É imprescindível o combate à cultura do estupro

Enviada em 31/07/2020

No século XIX, o Romantismo transmitia uma conduta de submissão feminina que compactuava com os valores morais da época. Nos dias atuais, a escritora nigeriana Chimamanda Adichie alega que “o problema da questão de gênero é prescrever como devemos ser em vez de reconhecer como somos”, comprovando as raízes arcaicas da sociedade. Nesse sentido, a cultura de assédio no Brasil é fruto de reflexos históricos, e para garantir liberdade à mulher, intervenções são necessárias.

Primeiramente, uma das causas dos assédios é a visão machista sobre a conduta feminina. Mesmo que o Feminismo tenha assegurado maior autonomia política e social à mulher, o patriarcalismo ainda a subjuga pela sua vestimenta, direito de ir e vir e empoderamento. Desse modo, os ideias conservadores se sobrepõem à realidade.

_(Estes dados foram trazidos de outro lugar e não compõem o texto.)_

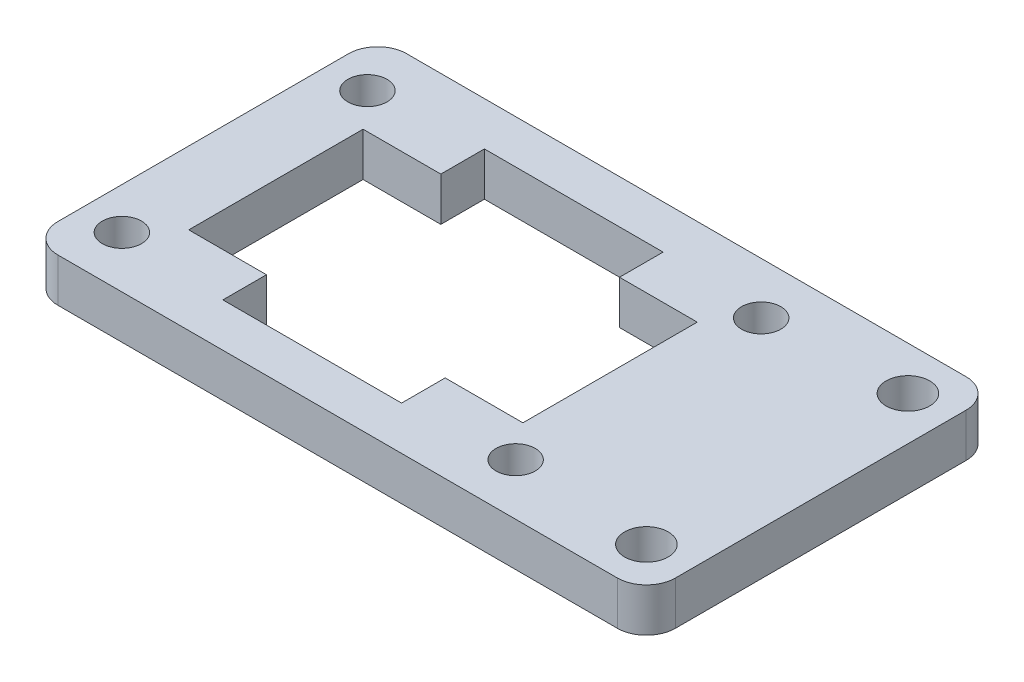
ISO-10303-21;
HEADER;
FILE_DESCRIPTION(('STEP AP214'),'2;1');
FILE_NAME('part.step','',(''),(''),'','','');
FILE_SCHEMA(('AUTOMOTIVE_DESIGN { 1 0 10303 214 1 1 1 1 }'));
ENDSEC;
DATA;
#1=APPLICATION_CONTEXT('core data for automotive mechanical design processes');
#2=APPLICATION_PROTOCOL_DEFINITION('international standard','automotive_design',2000,#1);
#3=PRODUCT_CONTEXT('',#1,'mechanical');
#4=PRODUCT('Part','Part','',(#3));
#5=PRODUCT_RELATED_PRODUCT_CATEGORY('part','',(#4));
#6=PRODUCT_DEFINITION_FORMATION('','',#4);
#7=PRODUCT_DEFINITION_CONTEXT('part definition',#1,'design');
#8=PRODUCT_DEFINITION('design','',#6,#7);
#9=PRODUCT_DEFINITION_SHAPE('','',#8);
#10=(LENGTH_UNIT() NAMED_UNIT(*) SI_UNIT(.MILLI.,.METRE.));
#11=(NAMED_UNIT(*) PLANE_ANGLE_UNIT() SI_UNIT($,.RADIAN.));
#12=(NAMED_UNIT(*) SI_UNIT($,.STERADIAN.) SOLID_ANGLE_UNIT());
#13=UNCERTAINTY_MEASURE_WITH_UNIT(LENGTH_MEASURE(1.E-05),#10,'distance_accuracy_value','');
#14=(GEOMETRIC_REPRESENTATION_CONTEXT(3) GLOBAL_UNCERTAINTY_ASSIGNED_CONTEXT((#13)) GLOBAL_UNIT_ASSIGNED_CONTEXT((#10,
#11,#12)) REPRESENTATION_CONTEXT('',''));
#15=CARTESIAN_POINT('',(0.,0.,0.));
#16=DIRECTION('',(0.,0.,1.));
#17=DIRECTION('',(1.,0.,0.));
#18=AXIS2_PLACEMENT_3D('',#15,#16,#17);
#19=CARTESIAN_POINT('',(0.,3.,-6.));
#20=DIRECTION('',(0.,0.,-1.));
#21=DIRECTION('',(-1.,0.,0.));
#22=AXIS2_PLACEMENT_3D('',#19,#20,#21);
#23=PLANE('',#22);
#24=DIRECTION('',(0.,1.,0.));
#25=VECTOR('',#24,1.);
#26=CARTESIAN_POINT('',(22.65,0.,-6.));
#27=LINE('',#26,#25);
#28=CARTESIAN_POINT('',(22.65,0.,-6.));
#29=VERTEX_POINT('',#28);
#30=CARTESIAN_POINT('',(22.65,3.,-6.));
#31=VERTEX_POINT('',#30);
#32=EDGE_CURVE('E329',#29,#31,#27,.T.);
#33=ORIENTED_EDGE('',*,*,#32,.T.);
#34=DIRECTION('',(1.,0.,0.));
#35=VECTOR('',#34,1.);
#36=CARTESIAN_POINT('',(0.,3.,-6.));
#37=LINE('',#36,#35);
#38=CARTESIAN_POINT('',(28.,3.,-6.));
#39=VERTEX_POINT('',#38);
#40=EDGE_CURVE('E358',#31,#39,#37,.T.);
#41=ORIENTED_EDGE('',*,*,#40,.T.);
#42=DIRECTION('',(0.,-1.,0.));
#43=VECTOR('',#42,1.);
#44=CARTESIAN_POINT('',(28.,3.,-6.));
#45=LINE('',#44,#43);
#46=CARTESIAN_POINT('',(28.,0.,-6.));
#47=VERTEX_POINT('',#46);
#48=EDGE_CURVE('E222',#39,#47,#45,.T.);
#49=ORIENTED_EDGE('',*,*,#48,.T.);
#50=DIRECTION('',(1.,0.,0.));
#51=VECTOR('',#50,1.);
#52=CARTESIAN_POINT('',(0.,0.,-6.));
#53=LINE('',#52,#51);
#54=EDGE_CURVE('E289',#29,#47,#53,.T.);
#55=ORIENTED_EDGE('',*,*,#54,.F.);
#56=EDGE_LOOP('',(#33,#41,#49,#55));
#57=FACE_BOUND('',#56,.T.);
#58=ADVANCED_FACE('F35',(#57),#23,.T.);
#59=CARTESIAN_POINT('',(0.,3.,-3.));
#60=DIRECTION('',(0.,0.,-1.));
#61=DIRECTION('',(-1.,0.,0.));
#62=AXIS2_PLACEMENT_3D('',#59,#60,#61);
#63=PLANE('',#62);
#64=DIRECTION('',(1.,0.,0.));
#65=VECTOR('',#64,1.);
#66=CARTESIAN_POINT('',(0.,0.,-3.));
#67=LINE('',#66,#65);
#68=CARTESIAN_POINT('',(10.35,0.,-3.));
#69=VERTEX_POINT('',#68);
#70=CARTESIAN_POINT('',(22.65,0.,-3.));
#71=VERTEX_POINT('',#70);
#72=EDGE_CURVE('E291',#69,#71,#67,.T.);
#73=ORIENTED_EDGE('',*,*,#72,.F.);
#74=DIRECTION('',(0.,1.,0.));
#75=VECTOR('',#74,1.);
#76=CARTESIAN_POINT('',(10.35,0.,-3.));
#77=LINE('',#76,#75);
#78=CARTESIAN_POINT('',(10.35,3.,-3.));
#79=VERTEX_POINT('',#78);
#80=EDGE_CURVE('E307',#69,#79,#77,.T.);
#81=ORIENTED_EDGE('',*,*,#80,.T.);
#82=DIRECTION('',(1.,0.,0.));
#83=VECTOR('',#82,1.);
#84=CARTESIAN_POINT('',(0.,3.,-3.));
#85=LINE('',#84,#83);
#86=CARTESIAN_POINT('',(22.65,3.,-3.));
#87=VERTEX_POINT('',#86);
#88=EDGE_CURVE('E360',#79,#87,#85,.T.);
#89=ORIENTED_EDGE('',*,*,#88,.T.);
#90=DIRECTION('',(0.,1.,0.));
#91=VECTOR('',#90,1.);
#92=CARTESIAN_POINT('',(22.65,0.,-3.));
#93=LINE('',#92,#91);
#94=EDGE_CURVE('E327',#71,#87,#93,.T.);
#95=ORIENTED_EDGE('',*,*,#94,.F.);
#96=EDGE_LOOP('',(#73,#81,#89,#95));
#97=FACE_BOUND('',#96,.T.);
#98=ADVANCED_FACE('F404',(#97),#63,.T.);
#99=DIRECTION('',(0.,1.,0.));
#100=VECTOR('',#99,1.);
#101=CARTESIAN_POINT('',(10.35,0.,-6.));
#102=LINE('',#101,#100);
#103=CARTESIAN_POINT('',(10.35,0.,-6.));
#104=VERTEX_POINT('',#103);
#105=CARTESIAN_POINT('',(10.35,3.,-6.));
#106=VERTEX_POINT('',#105);
#107=EDGE_CURVE('E302',#104,#106,#102,.T.);
#108=ORIENTED_EDGE('',*,*,#107,.F.);
#109=CARTESIAN_POINT('',(5.,0.,-6.));
#110=VERTEX_POINT('',#109);
#111=EDGE_CURVE('E204',#110,#104,#53,.T.);
#112=ORIENTED_EDGE('',*,*,#111,.F.);
#113=DIRECTION('',(0.,-1.,0.));
#114=VECTOR('',#113,1.);
#115=CARTESIAN_POINT('',(5.,3.,-6.));
#116=LINE('',#115,#114);
#117=CARTESIAN_POINT('',(5.,3.,-6.));
#118=VERTEX_POINT('',#117);
#119=EDGE_CURVE('E229',#118,#110,#116,.T.);
#120=ORIENTED_EDGE('',*,*,#119,.F.);
#121=EDGE_CURVE('E303',#118,#106,#37,.T.);
#122=ORIENTED_EDGE('',*,*,#121,.T.);
#123=EDGE_LOOP('',(#108,#112,#120,#122));
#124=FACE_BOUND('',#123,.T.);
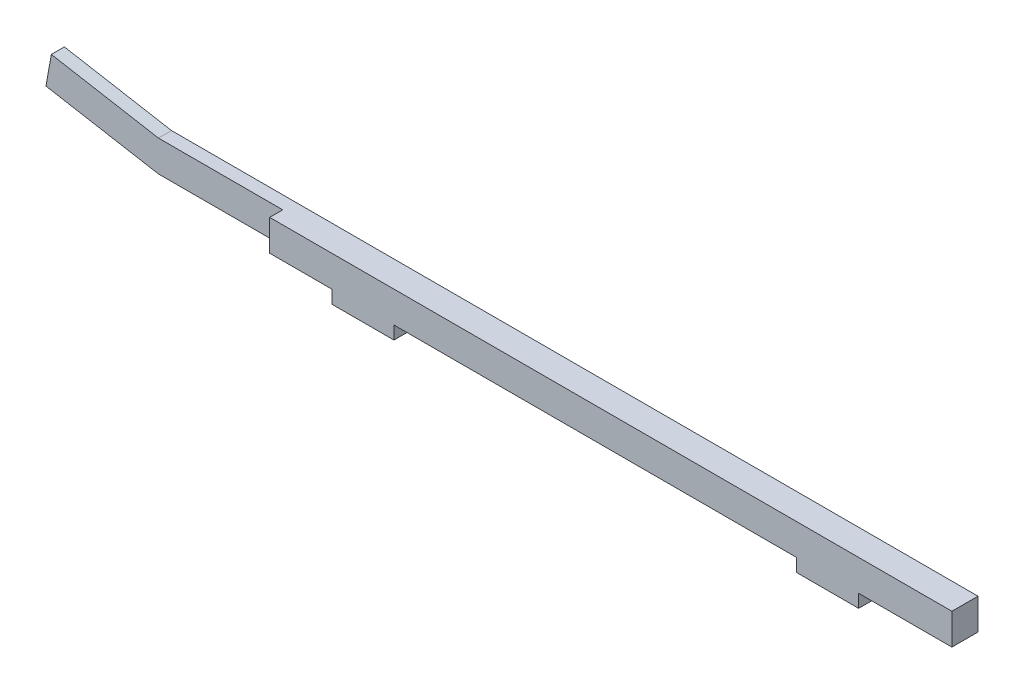
ISO-10303-21;
HEADER;
FILE_DESCRIPTION(('STEP AP214'),'2;1');
FILE_NAME('part.step','',(''),(''),'','','');
FILE_SCHEMA(('AUTOMOTIVE_DESIGN { 1 0 10303 214 1 1 1 1 }'));
ENDSEC;
DATA;
#1=APPLICATION_CONTEXT('core data for automotive mechanical design processes');
#2=APPLICATION_PROTOCOL_DEFINITION('international standard','automotive_design',2000,#1);
#3=PRODUCT_CONTEXT('',#1,'mechanical');
#4=PRODUCT('Part','Part','',(#3));
#5=PRODUCT_RELATED_PRODUCT_CATEGORY('part','',(#4));
#6=PRODUCT_DEFINITION_FORMATION('','',#4);
#7=PRODUCT_DEFINITION_CONTEXT('part definition',#1,'design');
#8=PRODUCT_DEFINITION('design','',#6,#7);
#9=PRODUCT_DEFINITION_SHAPE('','',#8);
#10=(LENGTH_UNIT() NAMED_UNIT(*) SI_UNIT(.MILLI.,.METRE.));
#11=(NAMED_UNIT(*) PLANE_ANGLE_UNIT() SI_UNIT($,.RADIAN.));
#12=(NAMED_UNIT(*) SI_UNIT($,.STERADIAN.) SOLID_ANGLE_UNIT());
#13=UNCERTAINTY_MEASURE_WITH_UNIT(LENGTH_MEASURE(1.E-05),#10,'distance_accuracy_value','');
#14=(GEOMETRIC_REPRESENTATION_CONTEXT(3) GLOBAL_UNCERTAINTY_ASSIGNED_CONTEXT((#13)) GLOBAL_UNIT_ASSIGNED_CONTEXT((#10,
#11,#12)) REPRESENTATION_CONTEXT('',''));
#15=CARTESIAN_POINT('',(0.,0.,0.));
#16=DIRECTION('',(0.,0.,1.));
#17=DIRECTION('',(1.,0.,0.));
#18=AXIS2_PLACEMENT_3D('',#15,#16,#17);
#19=CARTESIAN_POINT('',(0.,5.334,0.));
#20=DIRECTION('',(0.,1.,0.));
#21=DIRECTION('',(0.,0.,1.));
#22=AXIS2_PLACEMENT_3D('',#19,#20,#21);
#23=PLANE('',#22);
#24=DIRECTION('',(0.,0.,1.));
#25=VECTOR('',#24,1.);
#26=CARTESIAN_POINT('',(291.517035207962,5.334,0.));
#27=LINE('',#26,#25);
#28=CARTESIAN_POINT('',(291.517035207962,5.334,54.6115268567689));
#29=VERTEX_POINT('',#28);
#30=CARTESIAN_POINT('',(291.517035207962,5.334,65.2795268567689));
#31=VERTEX_POINT('',#30);
#32=EDGE_CURVE('E225',#29,#31,#27,.T.);
#33=ORIENTED_EDGE('',*,*,#32,.F.);
#34=DIRECTION('',(-1.,0.,0.));
#35=VECTOR('',#34,1.);
#36=CARTESIAN_POINT('',(0.,5.334,54.6115268567689));
#37=LINE('',#36,#35);
#38=CARTESIAN_POINT('',(329.617035207962,5.334,54.6115268567689));
#39=VERTEX_POINT('',#38);
#40=EDGE_CURVE('E198',#39,#29,#37,.T.);
#41=ORIENTED_EDGE('',*,*,#40,.F.);
#42=DIRECTION('',(0.,0.,1.));
#43=VECTOR('',#42,1.);
#44=CARTESIAN_POINT('',(329.617035207962,5.334,54.6115268567689));
#45=LINE('',#44,#43);
#46=CARTESIAN_POINT('',(329.617035207962,5.334,65.2795268567689));
#47=VERTEX_POINT('',#46);
#48=EDGE_CURVE('E237',#39,#47,#45,.T.);
#49=ORIENTED_EDGE('',*,*,#48,.T.);
#50=DIRECTION('',(-1.,0.,0.));
#51=VECTOR('',#50,1.);
#52=CARTESIAN_POINT('',(0.,5.334,65.2795268567689));
#53=LINE('',#52,#51);
#54=EDGE_CURVE('E86',#47,#31,#53,.T.);
#55=ORIENTED_EDGE('',*,*,#54,.T.);
#56=EDGE_LOOP('',(#33,#41,#49,#55));
#57=FACE_BOUND('',#56,.T.);
#58=ADVANCED_FACE('F61',(#57),#23,.F.);
#59=DIRECTION('',(0.,0.,-1.));
#60=VECTOR('',#59,1.);
#61=CARTESIAN_POINT('',(266.117035207962,5.334,1.38474531183382E-12));
#62=LINE('',#61,#60);
#63=CARTESIAN_POINT('',(266.117035207962,5.334,65.2795268567689));
#64=VERTEX_POINT('',#63);
#65=CARTESIAN_POINT('',(266.117035207962,5.334,54.6115268567689));
#66=VERTEX_POINT('',#65);
#67=EDGE_CURVE('E78',#64,#66,#62,.T.);
#68=ORIENTED_EDGE('',*,*,#67,.F.);
#69=CARTESIAN_POINT('',(101.599999999999,5.334,65.2795268567689));
#70=VERTEX_POINT('',#69);
#71=EDGE_CURVE('E256',#64,#70,#53,.T.);
#72=ORIENTED_EDGE('',*,*,#71,.T.);
#73=DIRECTION('',(0.,0.,1.));
#74=VECTOR('',#73,1.);
#75=CARTESIAN_POINT('',(101.599999999999,5.334,0.));
#76=LINE('',#75,#74);
#77=CARTESIAN_POINT('',(101.599999999999,5.334,54.6115268567689));
#78=VERTEX_POINT('',#77);
#79=EDGE_CURVE('E275',#78,#70,#76,.T.);
#80=ORIENTED_EDGE('',*,*,#79,.F.);
#81=EDGE_CURVE('E259',#66,#78,#37,.T.);
#82=ORIENTED_EDGE('',*,*,#81,.F.);
#83=EDGE_LOOP('',(#68,#72,#80,#82));
#84=FACE_BOUND('',#83,.T.);
#85=ADVANCED_FACE('F303',(#84),#23,.F.);
#86=CARTESIAN_POINT('',(0.,0.,54.6115268567689));
#87=DIRECTION('',(0.,0.,1.));
#88=DIRECTION('',(1.,0.,0.));
#89=AXIS2_PLACEMENT_3D('',#86,#87,#88);
#90=PLANE('',#89);
#91=DIRECTION('',(0.,1.,0.));
#92=VECTOR('',#91,1.);
#93=CARTESIAN_POINT('',(76.1999999999993,0.,54.6115268567689));
#94=LINE('',#93,#92);
#95=CARTESIAN_POINT('',(76.1999999999993,0.,54.6115268567689));
#96=VERTEX_POINT('',#95);
#97=CARTESIAN_POINT('',(76.1999999999993,5.334,54.6115268567689));
#98=VERTEX_POINT('',#97);
#99=EDGE_CURVE('E65',#96,#98,#94,.T.);
#100=ORIENTED_EDGE('',*,*,#99,.T.);
#101=CARTESIAN_POINT('',(0.,5.334,54.6115268567689));
#102=VERTEX_POINT('',#101);
#103=EDGE_CURVE('E255',#98,#102,#37,.T.);
#104=ORIENTED_EDGE('',*,*,#103,.T.);
#105=DIRECTION('',(-0.984807753012208,0.173648177666931,0.));
#106=VECTOR('',#105,1.);
#107=CARTESIAN_POINT('',(0.912167722249563,5.17316021963601,54.6115268567689));
#108=LINE('',#107,#106);
#109=CARTESIAN_POINT('',(-45.9465325315106,13.4356133553046,54.6115268567689));
#110=VERTEX_POINT('',#109);
#111=EDGE_CURVE('E196',#102,#110,#108,.T.);
#112=ORIENTED_EDGE('',*,*,#111,.T.);
#113=DIRECTION('',(0.173648177666931,0.984807753012208,0.));
#114=VECTOR('',#113,1.);
#115=CARTESIAN_POINT('',(-46.8587002537602,8.26245313566857,54.6115268567689));
#116=LINE('',#115,#114);
#117=CARTESIAN_POINT('',(-43.7747046213926,25.7526614972951,54.6115268567689));
#118=VERTEX_POINT('',#117);
#119=EDGE_CURVE('E207',#110,#118,#116,.T.);
#120=ORIENTED_EDGE('',*,*,#119,.T.);
#121=DIRECTION('',(-0.984807753012208,0.173648177666931,0.));
#122=VECTOR('',#121,1.);
#123=CARTESIAN_POINT('',(3.08399563236757,17.4902083616265,54.6115268567689));
#124=LINE('',#123,#122);
#125=CARTESIAN_POINT('',(0.,18.034,54.6115268567689));
#126=VERTEX_POINT('',#125);
#127=EDGE_CURVE('E211',#126,#118,#124,.T.);
#128=ORIENTED_EDGE('',*,*,#127,.F.);
#129=DIRECTION('',(-1.,0.,0.));
#130=VECTOR('',#129,1.);
#131=CARTESIAN_POINT('',(0.,18.034,54.6115268567689));
#132=LINE('',#131,#130);
#133=CARTESIAN_POINT('',(329.617035207962,18.034,54.6115268567689));
#134=VERTEX_POINT('',#133);
#135=EDGE_CURVE('E248',#134,#126,#132,.T.);
#136=ORIENTED_EDGE('',*,*,#135,.F.);
#137=DIRECTION('',(0.,-1.,0.));
#138=VECTOR('',#137,1.);
#139=CARTESIAN_POINT('',(329.617035207962,18.034,54.6115268567689));
#140=LINE('',#139,#138);
#141=EDGE_CURVE('E266',#134,#39,#140,.T.);
#142=ORIENTED_EDGE('',*,*,#141,.T.);
#143=ORIENTED_EDGE('',*,*,#40,.T.);
#144=DIRECTION('',(0.,1.,0.));
#145=VECTOR('',#144,1.);
#146=CARTESIAN_POINT('',(291.517035207962,0.,54.6115268567689));
#147=LINE('',#146,#145);
#148=CARTESIAN_POINT('',(291.517035207962,0.,54.6115268567689));
#149=VERTEX_POINT('',#148);
#150=EDGE_CURVE('E234',#149,#29,#147,.T.);
#151=ORIENTED_EDGE('',*,*,#150,.F.);
#152=DIRECTION('',(1.,0.,0.));
#153=VECTOR('',#152,1.);
#154=CARTESIAN_POINT('',(0.,0.,54.6115268567689));
#155=LINE('',#154,#153);
#156=CARTESIAN_POINT('',(266.117035207962,0.,54.6115268567689));
#157=VERTEX_POINT('',#156);
#158=EDGE_CURVE('E221',#157,#149,#155,.T.);
#159=ORIENTED_EDGE('',*,*,#158,.F.);
#160=DIRECTION('',(0.,1.,0.));
#161=VECTOR('',#160,1.);
#162=CARTESIAN_POINT('',(266.117035207962,0.,54.6115268567689));
#163=LINE('',#162,#161);
#164=EDGE_CURVE('E231',#157,#66,#163,.T.);
#165=ORIENTED_EDGE('',*,*,#164,.T.);
#166=ORIENTED_EDGE('',*,*,#81,.T.);
#167=DIRECTION('',(0.,1.,0.));
#168=VECTOR('',#167,1.);
#169=CARTESIAN_POINT('',(101.599999999999,0.,54.6115268567689));
#170=LINE('',#169,#168);
#171=CARTESIAN_POINT('',(101.599999999999,0.,54.6115268567689));
#172=VERTEX_POINT('',#171);
#173=EDGE_CURVE('E12',#172,#78,#170,.T.);
#174=ORIENTED_EDGE('',*,*,#173,.F.);
#175=DIRECTION('',(1.,0.,0.));
#176=VECTOR('',#175,1.);
#177=CARTESIAN_POINT('',(0.,0.,54.6115268567689));
#178=LINE('',#177,#176);
#179=EDGE_CURVE('E271',#96,#172,#178,.T.);
#180=ORIENTED_EDGE('',*,*,#179,.F.);
#181=EDGE_LOOP('',(#100,#104,#112,#120,#128,#136,#142,#143,#151,#159,#165,#166,#174,#180));
#182=FACE_BOUND('',#181,.T.);
#183=ADVANCED_FACE('F63',(#182),#90,.F.);
#184=CARTESIAN_POINT('',(101.599999999999,0.,0.));
#185=DIRECTION('',(-1.,0.,0.));
#186=DIRECTION('',(0.,0.,1.));
#187=AXIS2_PLACEMENT_3D('',#184,#185,#186);
#188=PLANE('',#187);
#189=ORIENTED_EDGE('',*,*,#79,.T.);
#190=DIRECTION('',(0.,1.,0.));
#191=VECTOR('',#190,1.);
#192=CARTESIAN_POINT('',(101.599999999999,0.,65.2795268567689));
#193=LINE('',#192,#191);
#194=CARTESIAN_POINT('',(101.599999999999,0.,65.2795268567689));
#195=VERTEX_POINT('',#194);
#196=EDGE_CURVE('E70',#195,#70,#193,.T.);
#197=ORIENTED_EDGE('',*,*,#196,.F.);
#198=DIRECTION('',(0.,0.,1.));
#199=VECTOR('',#198,1.);
#200=CARTESIAN_POINT('',(101.599999999999,0.,0.));
#201=LINE('',#200,#199);
#202=EDGE_CURVE('E279',#172,#195,#201,.T.);
#203=ORIENTED_EDGE('',*,*,#202,.F.);
#204=ORIENTED_EDGE('',*,*,#173,.T.);
#205=EDGE_LOOP('',(#189,#197,#203,#204));
#206=FACE_BOUND('',#205,.T.);
#207=ADVANCED_FACE('F307',(#206),#188,.F.);
#208=CARTESIAN_POINT('',(0.,0.,65.2795268567689));
#209=DIRECTION('',(0.,0.,-1.));
#210=DIRECTION('',(-1.,0.,0.));
#211=AXIS2_PLACEMENT_3D('',#208,#209,#210);
#212=PLANE('',#211);
#213=DIRECTION('',(-1.,0.,0.));
#214=VECTOR('',#213,1.);
#215=CARTESIAN_POINT('',(0.,18.034,65.2795268567689));
#216=LINE('',#215,#214);
#217=CARTESIAN_POINT('',(329.617035207962,18.034,65.2795268567689));
#218=VERTEX_POINT('',#217);
#219=CARTESIAN_POINT('',(50.8,18.034,65.2795268567689));
#220=VERTEX_POINT('',#219);
#221=EDGE_CURVE('E197',#218,#220,#216,.T.);
#222=ORIENTED_EDGE('',*,*,#221,.T.);
#223=DIRECTION('',(0.,1.,0.));
#224=VECTOR('',#223,1.);
#225=CARTESIAN_POINT('',(50.8,18.034,65.2795268567689));
#226=LINE('',#225,#224);
#227=CARTESIAN_POINT('',(50.8,5.334,65.2795268567689));
#228=VERTEX_POINT('',#227);
#229=EDGE_CURVE('E188',#228,#220,#226,.T.);
#230=ORIENTED_EDGE('',*,*,#229,.F.);
#231=CARTESIAN_POINT('',(76.1999999999993,5.334,65.2795268567689));
#232=VERTEX_POINT('',#231);
#233=EDGE_CURVE('E257',#232,#228,#53,.T.);
#234=ORIENTED_EDGE('',*,*,#233,.F.);
#235=DIRECTION('',(0.,1.,0.));
#236=VECTOR('',#235,1.);
#237=CARTESIAN_POINT('',(76.1999999999993,0.,65.2795268567689));
#238=LINE('',#237,#236);
#239=CARTESIAN_POINT('',(76.1999999999993,0.,65.2795268567689));
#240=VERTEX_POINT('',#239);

Além disso, há hoje a banalização do assédio e as redes sociais tornaram-se uma ferramenta para tentar combatê-lo. Nas ruas, festas, trabalho e, até dentro da própria casa, as cantadas, puxadas no cabelo e as tentativas de reprimir a vítima à violência sexual são ações que se naturalizaram, já que acontecem cotidianamente na vida de muitas mulheres. Para engajar jovens e adultas contra a sensação de impunidade, campanhas virtuais como “Meu Primeiro Assédio”, “Me avisa quando chegar” e “Vamos juntas?” percorrem o Facebook e o Twitter a fim de denunciar as opressões vividas, trocar experiências e atrair atenção da mídia e das pessoas para conterem esse mal.

A fim de alterar o olhar machista, debates e aulas de conscientização às crianças nas escolas fomentarão o respeito aos direitos da mulher. Ademais, os meios de comunicação, com impacto apelativo, devem transmitir noticiários sobre a equidade de gêneros e problematizar a banalização do abuso, induzindo a reflexão e mudança na conduta dos indivíduos. O Governo, ainda, sendo mais punitivo nas leis contra essa situação, dessa forma garantirá o reconhecimento da liberdade feminina, como anseia Chimamanda.